A comprehensive EIA, known as the mandatory assessment, is necessary if the proposed activity surpasses the threshold values outlined in Part A of Annex 8 of Act No. 24/2006 Coll. If the proposed activity aligns with the threshold values in Part B of Annex 8, the proponent only needs to conduct a screening procedure (simplified EIA).
An EIA plan must be drafted if the proposed activity reaches the threshold values specified in Part A (mandatory assessment) or Part B (screening procedure) according to Annex 8 of Act No. 24/2006 Coll. Additionally, if the proposed activity, either alone or in combination with another, is likely to significantly impact the territory within the system of protected areas, or if it falls under special regulations on preventing major industrial accidents, an EIA plan is required.
The screening procedure typically lasts between 3 and 6 months, depending on factors such as the nature of the proposed activity, its impacts, and the involvement of authorities, municipalities, and other stakeholders.

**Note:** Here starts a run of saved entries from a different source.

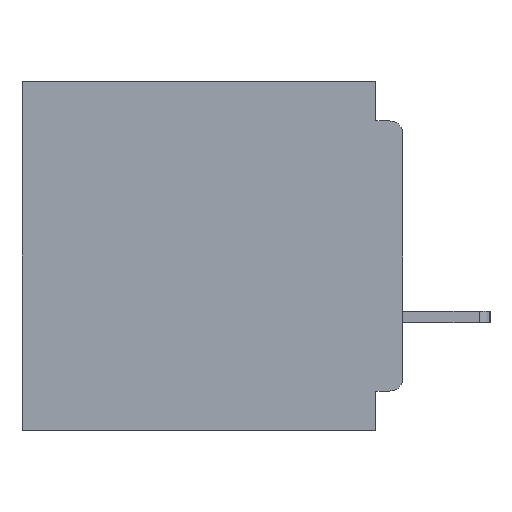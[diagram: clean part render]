
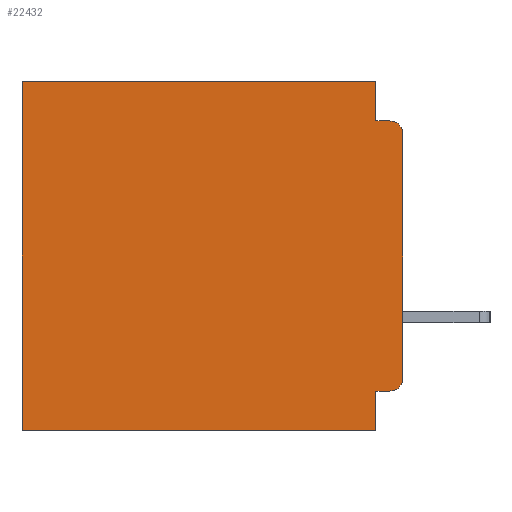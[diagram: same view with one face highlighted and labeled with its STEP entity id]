
A CAD part, left-side view. The second image highlights one B-rep face of the part: STEP entity #22432.
In plain terms, the highlighted planar face has unit normal (-1, 0, 0).
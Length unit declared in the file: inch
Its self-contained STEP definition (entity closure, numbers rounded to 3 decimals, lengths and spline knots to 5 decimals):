
#169 = ORIENTED_EDGE ( 'NONE', *, *, #23646, .F. ) ;
#470 = EDGE_LOOP ( 'NONE', ( #30593, #10990, #30169, #3765, #36550, #21946, #169, #10608, #33827, #23842 ) ) ;
#1314 = CARTESIAN_POINT ( 'NONE',  ( 0.3, 0.437, -0.4 ) ) ;
#1453 = VECTOR ( 'NONE', #3427, 39.37008 ) ;
#2436 = LINE ( 'NONE', #28248, #32483 ) ;
#2808 = DIRECTION ( 'NONE',  ( -1., 0., 0. ) ) ;
#3421 = VERTEX_POINT ( 'NONE', #35032 ) ;
#3427 = DIRECTION ( 'NONE',  ( 0., 0., -1. ) ) ;
#3627 = VERTEX_POINT ( 'NONE', #26118 ) ;
#3765 = ORIENTED_EDGE ( 'NONE', *, *, #23575, .F. ) ;
#4363 = VERTEX_POINT ( 'NONE', #7666 ) ;
#4952 = VERTEX_POINT ( 'NONE', #22074 ) ;
#4992 = DIRECTION ( 'NONE',  ( 0., 0., -1. ) ) ;
#5942 = DIRECTION ( 'NONE',  ( 0., 0., -1. ) ) ;
#5996 = DIRECTION ( 'NONE',  ( 0., 1., 0. ) ) ;
#6307 = VECTOR ( 'NONE', #5942, 39.37008 ) ;
#6898 = VERTEX_POINT ( 'NONE', #21006 ) ;
#7435 = EDGE_CURVE ( 'NONE', #3421, #3627, #36376, .T. ) ;
#7666 = CARTESIAN_POINT ( 'NONE',  ( 0.3, 0.031, -0.4 ) ) ;
#8458 = CIRCLE ( 'NONE', #8766, 0.015 ) ;
#8729 = CARTESIAN_POINT ( 'NONE',  ( 0.3, 0., -0.4 ) ) ;
#8766 = AXIS2_PLACEMENT_3D ( 'NONE', #20181, #2808, #23174 ) ;
#10187 = EDGE_CURVE ( 'NONE', #25279, #13175, #31366, .T. ) ;
#10572 = CARTESIAN_POINT ( 'NONE',  ( 0.3, 0.437, 0. ) ) ;
#10608 = ORIENTED_EDGE ( 'NONE', *, *, #18930, .F. ) ;
#10990 = ORIENTED_EDGE ( 'NONE', *, *, #14570, .T. ) ;
#11297 = CARTESIAN_POINT ( 'NONE',  ( 0.3, 0.031, -0.045 ) ) ;
#11483 = VECTOR ( 'NONE', #22999, 39.37008 ) ;
#11809 = DIRECTION ( 'NONE',  ( 0., 1., 0. ) ) ;
#12071 = EDGE_CURVE ( 'NONE', #3421, #16164, #8458, .T. ) ;
#12117 = DIRECTION ( 'NONE',  ( 1., 0., 0. ) ) ;
#13175 = VERTEX_POINT ( 'NONE', #1314 ) ;
#13344 = EDGE_CURVE ( 'NONE', #25405, #4952, #2436, .T. ) ;
#14570 = EDGE_CURVE ( 'NONE', #19447, #4952, #28294, .T. ) ;
#14644 = AXIS2_PLACEMENT_3D ( 'NONE', #17168, #37584, #20077 ) ;
#15597 = VECTOR ( 'NONE', #31936, 39.37008 ) ;
#15735 = AXIS2_PLACEMENT_3D ( 'NONE', #29598, #12117, #32507 ) ;
#16164 = VERTEX_POINT ( 'NONE', #19823 ) ;
#16492 = LINE ( 'NONE', #34873, #15597 ) ;
#16630 = DIRECTION ( 'NONE',  ( 0., -1., 0. ) ) ;
#17168 = CARTESIAN_POINT ( 'NONE',  ( 0.3, 0.015, -0.06 ) ) ;
#17323 = CARTESIAN_POINT ( 'NONE',  ( 0.3, 0., -0.06 ) ) ;
#18930 = EDGE_CURVE ( 'NONE', #3627, #4363, #31458, .T. ) ;
#19447 = VERTEX_POINT ( 'NONE', #17323 ) ;
#19747 = FACE_OUTER_BOUND ( 'NONE', #470, .T. ) ;
#19823 = CARTESIAN_POINT ( 'NONE',  ( 0.3, 0., -0.34 ) ) ;
#20077 = DIRECTION ( 'NONE',  ( 0., 0., -1. ) ) ;
#20181 = CARTESIAN_POINT ( 'NONE',  ( 0.3, 0.015, -0.34 ) ) ;
#20797 = LINE ( 'NONE', #8729, #6307 ) ;
#20809 = CARTESIAN_POINT ( 'NONE',  ( 0.3, 0.031, -0.4 ) ) ;
#21006 = CARTESIAN_POINT ( 'NONE',  ( 0.3, 0.031, 0. ) ) ;
#21759 = VECTOR ( 'NONE', #11809, 39.37008 ) ;
#21946 = ORIENTED_EDGE ( 'NONE', *, *, #10187, .T. ) ;
#22074 = CARTESIAN_POINT ( 'NONE',  ( 0.3, 0.015, -0.045 ) ) ;
#22432 = ADVANCED_FACE ( 'NONE', ( #19747 ), #23743, .F. ) ;
#22999 = DIRECTION ( 'NONE',  ( 0., 0., -1. ) ) ;
#23174 = DIRECTION ( 'NONE',  ( 0., 0., -1. ) ) ;
#23575 = EDGE_CURVE ( 'NONE', #6898, #25405, #27010, .T. ) ;
#23646 = EDGE_CURVE ( 'NONE', #4363, #13175, #16492, .T. ) ;
#23655 = VECTOR ( 'NONE', #4992, 39.37008 ) ;
#23743 = PLANE ( 'NONE',  #15735 ) ;
#23842 = ORIENTED_EDGE ( 'NONE', *, *, #12071, .T. ) ;
#24206 = VECTOR ( 'NONE', #5996, 39.37008 ) ;
#25102 = LINE ( 'NONE', #29264, #24206 ) ;
#25279 = VERTEX_POINT ( 'NONE', #10572 ) ;
#25405 = VERTEX_POINT ( 'NONE', #11297 ) ;
#26118 = CARTESIAN_POINT ( 'NONE',  ( 0.3, 0.031, -0.355 ) ) ;
#26365 = CARTESIAN_POINT ( 'NONE',  ( 0.3, 0., -0.355 ) ) ;
#27010 = LINE ( 'NONE', #34601, #11483 ) ;
#27103 = EDGE_CURVE ( 'NONE', #19447, #16164, #20797, .T. ) ;
#28248 = CARTESIAN_POINT ( 'NONE',  ( 0.3, 0., -0.045 ) ) ;
#28294 = CIRCLE ( 'NONE', #14644, 0.015 ) ;
#29264 = CARTESIAN_POINT ( 'NONE',  ( 0.3, 0., 0. ) ) ;
#29598 = CARTESIAN_POINT ( 'NONE',  ( 0.3, 0., -0.4 ) ) ;
#30169 = ORIENTED_EDGE ( 'NONE', *, *, #13344, .F. ) ;
#30593 = ORIENTED_EDGE ( 'NONE', *, *, #27103, .F. ) ;
#31036 = EDGE_CURVE ( 'NONE', #6898, #25279, #25102, .T. ) ;
#31366 = LINE ( 'NONE', #36924, #23655 ) ;
#31458 = LINE ( 'NONE', #20809, #1453 ) ;
#31936 = DIRECTION ( 'NONE',  ( 0., 1., 0. ) ) ;
#32483 = VECTOR ( 'NONE', #16630, 39.37008 ) ;
#32507 = DIRECTION ( 'NONE',  ( 0., 0., -1. ) ) ;
#33827 = ORIENTED_EDGE ( 'NONE', *, *, #7435, .F. ) ;
#34601 = CARTESIAN_POINT ( 'NONE',  ( 0.3, 0.031, 0. ) ) ;
#34873 = CARTESIAN_POINT ( 'NONE',  ( 0.3, 0., -0.4 ) ) ;
#35032 = CARTESIAN_POINT ( 'NONE',  ( 0.3, 0.015, -0.355 ) ) ;
#36376 = LINE ( 'NONE', #26365, #21759 ) ;
#36550 = ORIENTED_EDGE ( 'NONE', *, *, #31036, .T. ) ;
#36924 = CARTESIAN_POINT ( 'NONE',  ( 0.3, 0.437, -0.4 ) ) ;
#37584 = DIRECTION ( 'NONE',  ( -1., 0., 0. ) ) ;

We specialize in providing end-to-end management of the Environmental Impact Assessment (EIA) procedure, ensuring a comprehensive and seamless experience. Our process begins with preparing initial documents such as the EIA plan, change notice, and assessment report. We then expertly draft supplementary documents and opinions, liaise with authorities, actively participate in public hearings, and collaborate with competent individuals to obtain expert opinions when necessary. Our commitment extends to guiding clients through every step, culminating in the submission of the final report or the decision of the screening procedure issued by the competent authority.
Every business, including self-employed individuals, municipalities, and towns, is obligated to keep records of waste. This requirement applies to any entity whose activities generate waste, regardless of the quantity, starting from as little as 1 gram.
Waste records are maintained continuously, with a minimum requirement of once a month for regularly generated waste. If waste is generated occasionally, records should be made at the moment of its generation.
A company is obligated to prepare an annual waste declaration if at least one of the following conditions is met: 1. The waste holder handles more than 50 kg of hazardous waste in aggregate annually. 2. The waste holder handles more than 1 tonne of other waste in aggregate per year. 3. The waste generated is a waste listed in Annex 3 of the Decree of the Ministry of the Environment of the Slovak Republic No. 366/2015 Coll., irrespective of its quantity.
No, mixing waste requires the waste producer to obtain consent from the competent waste management authority, as per Section 97(1)(i) of Act No. 79/2015 Coll. This is necessary when collecting waste without prior sorting, especially if sorting and separate collection are not possible or expedient considering the subsequent method of recovery or disposal.